Catholic Healthcare's Response
Eyeing a future of more federal regulation of healthcare and continued federal payment restrictions, Catholic providers might be excused for instinctively rejecting the road ahead. Yet the American political system, despite its flaws, generally still reflects the demands of the people, and Americans are demanding more of their healthcare providers and the overall system. Surely we consumers need a lesson on the limits of healthcare at a time when the potential of medical research and our economy seem limitless. But the baby boom generation is a powerful political force, and by 2010 politicians will resist its pressures at their own peril.
Catholic healthcare needs to embrace the future of health policy, just as the best among us have adapted to the twists and turns of the healthcare marketplace. Policymakers in Washington will need a "practical prophet" who encourages and prepares for the future but does so in a way that does not let health policy outpace the ability of the system to respond. Catholic healthcare can be a voice for smart change: arguing why health coverage for all Americans benefits the larger society; calling for changes in how Medicare and Medicaid pay providers so that individuals get the care they need in an efficient and effective manner; helping federal regulators write rules that protect individuals and improve the quality of care; supporting but also raising questions about the application of genetic research.

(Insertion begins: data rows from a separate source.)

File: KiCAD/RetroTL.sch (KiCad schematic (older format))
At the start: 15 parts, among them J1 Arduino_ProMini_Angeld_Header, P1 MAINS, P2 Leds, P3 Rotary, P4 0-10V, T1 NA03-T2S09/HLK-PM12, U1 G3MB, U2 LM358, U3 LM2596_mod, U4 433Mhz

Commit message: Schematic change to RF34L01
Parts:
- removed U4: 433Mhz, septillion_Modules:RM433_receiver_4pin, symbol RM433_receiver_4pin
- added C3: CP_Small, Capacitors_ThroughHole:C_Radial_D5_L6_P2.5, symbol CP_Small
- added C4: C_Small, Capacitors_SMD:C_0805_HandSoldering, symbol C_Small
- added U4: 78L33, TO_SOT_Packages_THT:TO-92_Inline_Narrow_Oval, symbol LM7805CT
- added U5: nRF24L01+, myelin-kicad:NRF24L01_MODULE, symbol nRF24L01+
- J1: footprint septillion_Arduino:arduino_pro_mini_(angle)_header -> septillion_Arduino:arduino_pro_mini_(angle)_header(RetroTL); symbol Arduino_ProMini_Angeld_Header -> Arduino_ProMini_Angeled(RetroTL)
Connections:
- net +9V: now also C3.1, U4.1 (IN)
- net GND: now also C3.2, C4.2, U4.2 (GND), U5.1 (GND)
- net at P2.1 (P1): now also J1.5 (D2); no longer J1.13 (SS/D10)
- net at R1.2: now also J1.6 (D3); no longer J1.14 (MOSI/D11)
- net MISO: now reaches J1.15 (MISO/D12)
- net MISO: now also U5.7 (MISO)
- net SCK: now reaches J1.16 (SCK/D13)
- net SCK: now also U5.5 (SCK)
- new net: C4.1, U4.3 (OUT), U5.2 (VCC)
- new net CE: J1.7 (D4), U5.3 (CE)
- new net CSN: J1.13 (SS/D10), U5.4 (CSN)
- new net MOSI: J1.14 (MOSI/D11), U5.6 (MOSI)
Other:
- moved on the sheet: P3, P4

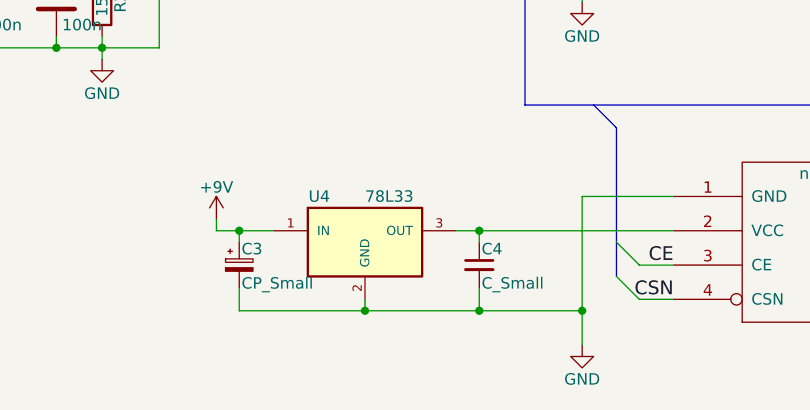
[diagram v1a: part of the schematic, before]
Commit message: Added some schematic values
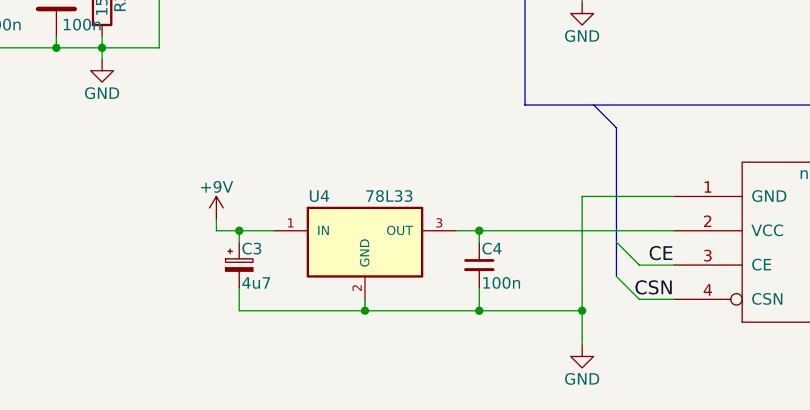
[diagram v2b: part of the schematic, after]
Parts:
- C3: value CP_Small -> 4u7
- C4: value C_Small -> 100n
- J1: footprint septillion_Arduino:arduino_pro_mini_(angle)_header(RetroTL) -> septillion_Arduino:Arduino_ProMini_Angeled_Small++
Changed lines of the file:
@@
 F 0 "J1" H 4150 2650 60  0000 C CNN
 F 1 "Arduino_ProMini_Angeld_Header" H 4200 2775 60  0000 C CNN
-F 2 "septillion_Arduino:arduino_pro_mini_(angle)_header(RetroTL)" V 4150 2650 60  0001 C CNN
+F 2 "septillion_Arduino:Arduino_ProMini_Angeled_Small++" V 4150 2650 60  0001 C CNN
 F 3 "" V 4150 2650 60  0000 C CNN
 	1    4200 2650
@@
 P 5250 5950
 F 0 "C4" H 5260 6020 50  0000 L CNN
-F 1 "C_Small" H 5260 5870 50  0000 L CNN
+F 1 "100n" H 5260 5870 50  0000 L CNN
 F 2 "Capacitors_SMD:C_0805_HandSoldering" H 5250 5950 50  0001 C CNN
 F 3 "" H 5250 5950 50  0000 C CNN
@@
 P 4200 5950
 F 0 "C3" H 4210 6020 50  0000 L CNN
-F 1 "CP_Small" H 4210 5870 50  0000 L CNN
+F 1 "4u7" H 4210 5870 50  0000 L CNN
 F 2 "Capacitors_ThroughHole:C_Radial_D5_L6_P2.5" H 4200 5950 50  0001 C CNN
 F 3 "" H 4200 5950 50  0000 C CNN

Just as the global economy is with us to stay, so is the drive for more and better healthcare delivery. Both promise improved outcomes for society but both will tend to leave some individuals behind. As a result, the federal government's role by 2010 will increasingly be that of a policeman—to enforce the rules, to protect the vulnerable, and to ensure that the system is working for all.
Mr. Brown is director, public policy, in the Catholic Health Association's Washington, DC, office.